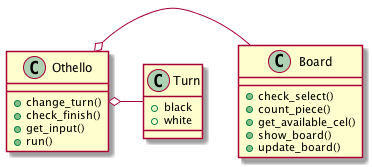

The diagram above was rendered by PlantUML. Its source (embedded in the PNG):
@startuml
class Othello{
+ change_turn()
+ check_finish()
+ get_input()
+ run()
}

class Board{
+ check_select()
+ count_piece()
+ get_available_cel()
+ show_board()
+ update_board()
}
class Turn{
+ black
+ white
}

Othello o- Board
Othello o- Turn

@enduml
════════════════
◆ Task to carry out: When you restate the listing, keep every word as it is and drop the pictures.

◆ Response to this exercise:
The diagram above was rendered by PlantUML. Its source (embedded in the PNG):
@startuml
class Othello{
+ change_turn()
+ check_finish()
+ get_input()
+ run()
}

class Board{
+ check_select()
+ count_piece()
+ get_available_cel()
+ show_board()
+ update_board()
}
class Turn{
+ black
+ white
}

Othello o- Board
Othello o- Turn

@enduml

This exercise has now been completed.